» **Exercise description**: Each line of the records below that holds "name" should be copied out.

» **Information supplied**:
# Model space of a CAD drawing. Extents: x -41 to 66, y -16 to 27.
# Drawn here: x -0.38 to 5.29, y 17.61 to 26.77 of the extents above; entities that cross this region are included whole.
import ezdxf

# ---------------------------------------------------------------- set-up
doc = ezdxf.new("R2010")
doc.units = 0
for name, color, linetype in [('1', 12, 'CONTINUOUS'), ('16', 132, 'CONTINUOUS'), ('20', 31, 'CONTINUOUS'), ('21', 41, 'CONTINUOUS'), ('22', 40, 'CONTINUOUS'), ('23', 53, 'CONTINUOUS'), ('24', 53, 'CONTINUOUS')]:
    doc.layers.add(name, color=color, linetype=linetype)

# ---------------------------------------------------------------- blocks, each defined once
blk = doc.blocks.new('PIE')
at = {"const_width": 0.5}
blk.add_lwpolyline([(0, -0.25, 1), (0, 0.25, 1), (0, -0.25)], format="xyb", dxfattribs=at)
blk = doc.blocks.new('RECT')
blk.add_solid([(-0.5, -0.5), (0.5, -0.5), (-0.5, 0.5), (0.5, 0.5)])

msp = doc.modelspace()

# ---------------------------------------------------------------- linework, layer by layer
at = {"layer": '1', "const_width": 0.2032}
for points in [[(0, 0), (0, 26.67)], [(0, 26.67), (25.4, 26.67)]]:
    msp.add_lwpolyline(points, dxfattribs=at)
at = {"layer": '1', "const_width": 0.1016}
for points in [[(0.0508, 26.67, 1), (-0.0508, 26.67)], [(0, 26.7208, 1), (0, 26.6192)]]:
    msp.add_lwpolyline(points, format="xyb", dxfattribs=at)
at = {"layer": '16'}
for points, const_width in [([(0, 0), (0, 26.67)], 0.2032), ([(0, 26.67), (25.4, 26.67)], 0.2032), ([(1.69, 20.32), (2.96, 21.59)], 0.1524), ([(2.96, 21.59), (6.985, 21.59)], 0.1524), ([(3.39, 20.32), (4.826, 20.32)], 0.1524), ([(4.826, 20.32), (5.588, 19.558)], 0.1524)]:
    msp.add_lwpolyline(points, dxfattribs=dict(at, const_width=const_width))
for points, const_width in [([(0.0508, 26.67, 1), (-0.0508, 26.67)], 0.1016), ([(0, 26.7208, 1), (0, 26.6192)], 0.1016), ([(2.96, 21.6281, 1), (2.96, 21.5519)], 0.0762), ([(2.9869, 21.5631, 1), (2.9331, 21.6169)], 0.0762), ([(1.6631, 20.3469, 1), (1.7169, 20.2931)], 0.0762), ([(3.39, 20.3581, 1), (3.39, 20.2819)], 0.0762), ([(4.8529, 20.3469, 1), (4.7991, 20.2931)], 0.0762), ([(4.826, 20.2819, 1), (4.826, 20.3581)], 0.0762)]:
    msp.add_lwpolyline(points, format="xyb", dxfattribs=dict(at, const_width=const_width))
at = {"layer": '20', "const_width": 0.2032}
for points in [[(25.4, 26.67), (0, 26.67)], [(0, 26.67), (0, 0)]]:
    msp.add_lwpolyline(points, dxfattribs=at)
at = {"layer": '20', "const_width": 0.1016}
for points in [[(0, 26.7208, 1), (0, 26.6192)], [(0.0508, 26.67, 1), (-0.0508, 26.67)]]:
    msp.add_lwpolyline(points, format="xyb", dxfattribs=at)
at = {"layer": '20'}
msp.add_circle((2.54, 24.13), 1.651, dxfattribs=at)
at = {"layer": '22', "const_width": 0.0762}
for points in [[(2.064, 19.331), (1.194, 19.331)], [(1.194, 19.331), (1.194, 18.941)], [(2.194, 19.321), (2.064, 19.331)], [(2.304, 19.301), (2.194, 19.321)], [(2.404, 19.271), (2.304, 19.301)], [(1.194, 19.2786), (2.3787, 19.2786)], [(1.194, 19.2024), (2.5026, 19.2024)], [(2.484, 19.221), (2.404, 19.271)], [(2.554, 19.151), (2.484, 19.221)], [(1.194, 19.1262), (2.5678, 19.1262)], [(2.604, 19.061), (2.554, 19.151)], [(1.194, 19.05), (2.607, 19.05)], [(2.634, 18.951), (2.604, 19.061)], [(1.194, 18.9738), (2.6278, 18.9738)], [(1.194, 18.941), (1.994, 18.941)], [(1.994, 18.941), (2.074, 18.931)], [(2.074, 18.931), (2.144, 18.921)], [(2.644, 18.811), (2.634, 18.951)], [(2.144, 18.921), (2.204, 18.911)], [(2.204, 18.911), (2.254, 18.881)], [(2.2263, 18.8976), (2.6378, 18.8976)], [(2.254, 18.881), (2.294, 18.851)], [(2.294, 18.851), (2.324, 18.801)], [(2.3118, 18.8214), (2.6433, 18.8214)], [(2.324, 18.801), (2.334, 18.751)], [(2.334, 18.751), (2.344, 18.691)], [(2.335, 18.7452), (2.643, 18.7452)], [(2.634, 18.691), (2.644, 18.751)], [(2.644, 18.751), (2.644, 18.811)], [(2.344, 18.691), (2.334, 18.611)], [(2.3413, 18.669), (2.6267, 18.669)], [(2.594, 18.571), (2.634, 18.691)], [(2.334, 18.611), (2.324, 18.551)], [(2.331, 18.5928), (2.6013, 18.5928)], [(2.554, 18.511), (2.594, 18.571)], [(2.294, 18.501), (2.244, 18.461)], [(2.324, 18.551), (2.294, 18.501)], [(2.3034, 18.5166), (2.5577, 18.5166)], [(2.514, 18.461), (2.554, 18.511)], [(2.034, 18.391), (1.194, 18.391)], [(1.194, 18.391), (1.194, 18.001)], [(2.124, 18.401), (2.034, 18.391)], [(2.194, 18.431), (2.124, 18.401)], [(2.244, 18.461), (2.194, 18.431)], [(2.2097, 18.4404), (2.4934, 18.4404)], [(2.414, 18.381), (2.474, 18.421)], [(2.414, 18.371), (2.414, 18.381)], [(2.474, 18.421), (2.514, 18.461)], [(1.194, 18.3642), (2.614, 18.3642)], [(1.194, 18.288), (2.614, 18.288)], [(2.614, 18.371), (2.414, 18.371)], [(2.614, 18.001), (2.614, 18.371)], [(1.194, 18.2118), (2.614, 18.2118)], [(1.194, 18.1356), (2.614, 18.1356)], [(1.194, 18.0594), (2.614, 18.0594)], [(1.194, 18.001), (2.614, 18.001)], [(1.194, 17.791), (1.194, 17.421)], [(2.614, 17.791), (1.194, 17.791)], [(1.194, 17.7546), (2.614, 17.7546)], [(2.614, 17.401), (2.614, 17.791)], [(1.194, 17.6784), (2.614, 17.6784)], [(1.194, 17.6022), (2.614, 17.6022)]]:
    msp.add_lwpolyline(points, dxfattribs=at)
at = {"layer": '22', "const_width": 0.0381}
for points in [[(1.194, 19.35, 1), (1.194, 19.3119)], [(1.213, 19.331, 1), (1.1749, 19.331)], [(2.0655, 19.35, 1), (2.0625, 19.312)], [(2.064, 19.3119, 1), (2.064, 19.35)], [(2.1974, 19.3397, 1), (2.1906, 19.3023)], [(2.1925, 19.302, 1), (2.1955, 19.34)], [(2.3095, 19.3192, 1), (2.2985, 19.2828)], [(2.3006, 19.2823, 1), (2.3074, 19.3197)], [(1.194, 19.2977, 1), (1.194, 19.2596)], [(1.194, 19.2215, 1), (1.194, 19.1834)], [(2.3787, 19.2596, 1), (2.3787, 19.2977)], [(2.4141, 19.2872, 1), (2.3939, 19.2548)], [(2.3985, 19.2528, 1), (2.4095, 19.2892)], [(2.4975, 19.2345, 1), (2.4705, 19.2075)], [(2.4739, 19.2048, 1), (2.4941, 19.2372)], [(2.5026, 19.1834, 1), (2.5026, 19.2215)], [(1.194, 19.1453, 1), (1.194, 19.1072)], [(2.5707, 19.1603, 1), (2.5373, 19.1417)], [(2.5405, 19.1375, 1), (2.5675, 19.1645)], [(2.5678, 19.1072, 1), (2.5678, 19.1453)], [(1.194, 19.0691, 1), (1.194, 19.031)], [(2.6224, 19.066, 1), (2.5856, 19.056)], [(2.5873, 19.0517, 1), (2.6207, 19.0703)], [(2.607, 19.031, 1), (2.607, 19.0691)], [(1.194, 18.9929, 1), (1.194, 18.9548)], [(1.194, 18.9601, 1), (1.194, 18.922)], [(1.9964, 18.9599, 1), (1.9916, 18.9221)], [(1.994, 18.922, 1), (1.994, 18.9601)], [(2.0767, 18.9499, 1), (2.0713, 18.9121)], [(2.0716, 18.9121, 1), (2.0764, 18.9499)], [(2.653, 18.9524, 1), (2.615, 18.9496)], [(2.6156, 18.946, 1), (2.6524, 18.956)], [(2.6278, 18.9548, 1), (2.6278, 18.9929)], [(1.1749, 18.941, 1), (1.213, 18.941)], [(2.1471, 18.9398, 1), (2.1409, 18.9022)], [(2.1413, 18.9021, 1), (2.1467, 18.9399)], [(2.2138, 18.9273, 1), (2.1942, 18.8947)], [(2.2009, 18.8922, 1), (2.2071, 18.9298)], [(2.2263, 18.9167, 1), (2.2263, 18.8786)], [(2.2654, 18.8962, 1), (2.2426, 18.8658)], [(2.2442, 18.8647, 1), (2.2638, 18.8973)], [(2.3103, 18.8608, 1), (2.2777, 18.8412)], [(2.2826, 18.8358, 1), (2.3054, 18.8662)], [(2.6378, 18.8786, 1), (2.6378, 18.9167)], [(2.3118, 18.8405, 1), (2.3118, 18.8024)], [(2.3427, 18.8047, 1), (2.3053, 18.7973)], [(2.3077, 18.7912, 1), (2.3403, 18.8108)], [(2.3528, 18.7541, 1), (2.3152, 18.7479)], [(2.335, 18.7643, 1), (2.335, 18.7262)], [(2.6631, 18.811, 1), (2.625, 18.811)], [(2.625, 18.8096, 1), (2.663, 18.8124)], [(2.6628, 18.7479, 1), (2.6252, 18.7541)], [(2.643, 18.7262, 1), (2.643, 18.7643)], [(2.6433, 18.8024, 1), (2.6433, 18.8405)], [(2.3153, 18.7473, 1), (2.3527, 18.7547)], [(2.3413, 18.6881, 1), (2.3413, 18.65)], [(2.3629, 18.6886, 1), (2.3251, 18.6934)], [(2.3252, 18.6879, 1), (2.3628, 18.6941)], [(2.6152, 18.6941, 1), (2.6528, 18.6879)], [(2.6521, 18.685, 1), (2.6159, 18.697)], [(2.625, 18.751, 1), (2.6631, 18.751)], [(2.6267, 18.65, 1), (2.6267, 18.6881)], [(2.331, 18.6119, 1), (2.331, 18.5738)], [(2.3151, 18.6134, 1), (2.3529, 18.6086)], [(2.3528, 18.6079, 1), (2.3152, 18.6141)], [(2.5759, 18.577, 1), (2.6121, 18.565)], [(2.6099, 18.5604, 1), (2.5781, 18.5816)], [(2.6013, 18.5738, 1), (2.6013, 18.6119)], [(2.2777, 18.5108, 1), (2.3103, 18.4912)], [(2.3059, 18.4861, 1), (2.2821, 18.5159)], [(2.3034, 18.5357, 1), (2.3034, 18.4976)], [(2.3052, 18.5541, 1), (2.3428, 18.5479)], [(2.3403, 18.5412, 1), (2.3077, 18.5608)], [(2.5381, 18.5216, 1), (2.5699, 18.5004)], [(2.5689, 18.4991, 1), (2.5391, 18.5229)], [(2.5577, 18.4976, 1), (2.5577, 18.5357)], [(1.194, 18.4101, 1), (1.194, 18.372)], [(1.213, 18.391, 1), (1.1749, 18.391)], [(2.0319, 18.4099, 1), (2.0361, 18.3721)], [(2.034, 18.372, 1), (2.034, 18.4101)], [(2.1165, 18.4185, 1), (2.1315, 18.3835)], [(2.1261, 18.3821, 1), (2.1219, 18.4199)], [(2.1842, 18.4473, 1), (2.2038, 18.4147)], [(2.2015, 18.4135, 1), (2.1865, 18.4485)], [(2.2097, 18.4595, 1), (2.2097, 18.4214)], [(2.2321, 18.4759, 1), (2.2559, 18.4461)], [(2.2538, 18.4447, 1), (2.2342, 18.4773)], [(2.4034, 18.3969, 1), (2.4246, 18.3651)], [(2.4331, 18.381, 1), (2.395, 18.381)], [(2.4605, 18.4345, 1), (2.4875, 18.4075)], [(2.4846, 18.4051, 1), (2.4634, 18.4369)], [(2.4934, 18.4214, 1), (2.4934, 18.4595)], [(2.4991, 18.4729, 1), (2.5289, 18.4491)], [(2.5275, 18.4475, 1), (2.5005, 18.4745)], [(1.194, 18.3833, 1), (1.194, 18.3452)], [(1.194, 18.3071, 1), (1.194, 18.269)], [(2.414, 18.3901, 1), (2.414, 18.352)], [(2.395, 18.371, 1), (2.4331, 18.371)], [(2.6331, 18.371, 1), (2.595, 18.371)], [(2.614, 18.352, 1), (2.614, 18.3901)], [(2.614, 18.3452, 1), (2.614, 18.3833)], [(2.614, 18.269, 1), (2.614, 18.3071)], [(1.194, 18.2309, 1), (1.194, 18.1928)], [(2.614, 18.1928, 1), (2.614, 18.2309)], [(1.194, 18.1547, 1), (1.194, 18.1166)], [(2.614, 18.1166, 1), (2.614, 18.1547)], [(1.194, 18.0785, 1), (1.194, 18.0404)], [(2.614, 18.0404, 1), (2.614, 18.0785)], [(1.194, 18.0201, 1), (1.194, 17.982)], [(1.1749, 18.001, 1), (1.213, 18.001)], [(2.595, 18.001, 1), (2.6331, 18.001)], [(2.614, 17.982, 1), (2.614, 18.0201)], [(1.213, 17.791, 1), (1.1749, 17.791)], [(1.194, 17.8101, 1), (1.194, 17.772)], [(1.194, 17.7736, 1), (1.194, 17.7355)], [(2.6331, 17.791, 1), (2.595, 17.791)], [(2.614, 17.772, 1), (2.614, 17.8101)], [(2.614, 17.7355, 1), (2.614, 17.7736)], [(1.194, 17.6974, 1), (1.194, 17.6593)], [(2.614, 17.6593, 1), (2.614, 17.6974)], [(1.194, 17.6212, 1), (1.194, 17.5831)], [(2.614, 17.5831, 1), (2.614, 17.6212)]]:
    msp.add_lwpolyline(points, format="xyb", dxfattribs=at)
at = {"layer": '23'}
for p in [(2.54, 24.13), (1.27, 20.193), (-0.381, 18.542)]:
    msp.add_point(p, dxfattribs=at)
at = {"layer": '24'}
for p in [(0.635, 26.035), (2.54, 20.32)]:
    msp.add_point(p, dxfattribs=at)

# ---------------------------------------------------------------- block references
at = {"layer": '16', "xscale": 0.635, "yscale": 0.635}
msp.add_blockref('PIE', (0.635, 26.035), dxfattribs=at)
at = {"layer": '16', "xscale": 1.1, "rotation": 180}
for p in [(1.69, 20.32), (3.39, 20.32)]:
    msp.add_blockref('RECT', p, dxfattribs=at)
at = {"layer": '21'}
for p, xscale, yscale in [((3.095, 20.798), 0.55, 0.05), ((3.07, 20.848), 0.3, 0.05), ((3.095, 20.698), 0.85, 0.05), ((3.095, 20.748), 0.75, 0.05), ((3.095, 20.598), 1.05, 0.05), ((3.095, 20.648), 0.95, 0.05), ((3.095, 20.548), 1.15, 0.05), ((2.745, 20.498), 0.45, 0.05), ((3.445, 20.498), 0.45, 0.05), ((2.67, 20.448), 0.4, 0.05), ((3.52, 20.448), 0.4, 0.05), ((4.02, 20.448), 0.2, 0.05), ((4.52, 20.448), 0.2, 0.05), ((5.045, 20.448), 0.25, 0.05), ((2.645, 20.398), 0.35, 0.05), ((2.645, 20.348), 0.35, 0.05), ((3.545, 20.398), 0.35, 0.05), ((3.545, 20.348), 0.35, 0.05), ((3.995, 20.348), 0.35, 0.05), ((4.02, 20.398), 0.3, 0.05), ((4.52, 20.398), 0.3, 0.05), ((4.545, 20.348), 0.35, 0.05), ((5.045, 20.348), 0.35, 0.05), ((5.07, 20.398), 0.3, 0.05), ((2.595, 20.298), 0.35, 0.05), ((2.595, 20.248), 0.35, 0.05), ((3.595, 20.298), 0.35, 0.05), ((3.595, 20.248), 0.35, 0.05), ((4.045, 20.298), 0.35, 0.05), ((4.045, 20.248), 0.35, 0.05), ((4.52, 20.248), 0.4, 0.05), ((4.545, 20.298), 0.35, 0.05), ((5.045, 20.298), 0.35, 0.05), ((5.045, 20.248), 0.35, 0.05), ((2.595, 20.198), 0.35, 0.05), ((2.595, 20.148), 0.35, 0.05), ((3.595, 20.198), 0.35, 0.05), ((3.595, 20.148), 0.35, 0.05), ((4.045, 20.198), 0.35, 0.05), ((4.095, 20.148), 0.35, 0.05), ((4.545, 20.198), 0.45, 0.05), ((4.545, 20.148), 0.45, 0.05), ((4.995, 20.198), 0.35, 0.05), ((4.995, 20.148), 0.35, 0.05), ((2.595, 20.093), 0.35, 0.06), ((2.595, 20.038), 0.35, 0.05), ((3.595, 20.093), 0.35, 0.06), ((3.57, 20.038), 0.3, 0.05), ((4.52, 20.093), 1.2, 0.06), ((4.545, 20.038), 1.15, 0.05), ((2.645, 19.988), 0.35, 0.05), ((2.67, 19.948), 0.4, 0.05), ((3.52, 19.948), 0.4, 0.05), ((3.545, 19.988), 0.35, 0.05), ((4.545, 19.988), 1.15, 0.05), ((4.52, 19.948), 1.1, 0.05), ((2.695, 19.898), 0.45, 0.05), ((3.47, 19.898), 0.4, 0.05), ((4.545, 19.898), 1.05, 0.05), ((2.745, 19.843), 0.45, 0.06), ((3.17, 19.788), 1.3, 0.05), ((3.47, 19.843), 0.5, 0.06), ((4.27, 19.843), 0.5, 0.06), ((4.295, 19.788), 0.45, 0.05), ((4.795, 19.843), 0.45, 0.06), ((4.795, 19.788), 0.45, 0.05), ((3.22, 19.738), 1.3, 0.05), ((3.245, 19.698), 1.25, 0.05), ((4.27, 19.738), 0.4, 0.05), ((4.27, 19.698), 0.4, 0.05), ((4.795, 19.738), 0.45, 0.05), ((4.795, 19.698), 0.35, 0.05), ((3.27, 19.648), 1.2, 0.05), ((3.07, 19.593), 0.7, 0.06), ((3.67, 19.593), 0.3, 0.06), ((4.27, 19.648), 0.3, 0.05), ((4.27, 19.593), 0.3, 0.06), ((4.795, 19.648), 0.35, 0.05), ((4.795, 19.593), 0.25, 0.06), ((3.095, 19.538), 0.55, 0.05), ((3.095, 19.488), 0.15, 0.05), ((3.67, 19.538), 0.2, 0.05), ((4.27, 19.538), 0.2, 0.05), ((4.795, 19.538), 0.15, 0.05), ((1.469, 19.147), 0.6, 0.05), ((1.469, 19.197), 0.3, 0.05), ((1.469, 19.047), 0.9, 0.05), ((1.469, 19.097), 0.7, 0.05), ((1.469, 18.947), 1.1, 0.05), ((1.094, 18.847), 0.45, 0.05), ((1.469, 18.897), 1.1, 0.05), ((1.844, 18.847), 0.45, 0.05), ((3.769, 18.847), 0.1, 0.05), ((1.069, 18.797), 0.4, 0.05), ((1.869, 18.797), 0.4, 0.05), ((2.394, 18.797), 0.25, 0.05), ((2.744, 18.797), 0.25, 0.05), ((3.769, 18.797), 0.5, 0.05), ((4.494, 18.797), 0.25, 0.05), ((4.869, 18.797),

» **Exercise result**:
for name, color, linetype in [('1', 12, 'CONTINUOUS'), ('16', 132, 'CONTINUOUS'), ('20', 31, 'CONTINUOUS'), ('21', 41, 'CONTINUOUS'), ('22', 40, 'CONTINUOUS'), ('23', 53, 'CONTINUOUS'), ('24', 53, 'CONTINUOUS')]:
    doc.layers.add(name, color=color, linetype=linetype)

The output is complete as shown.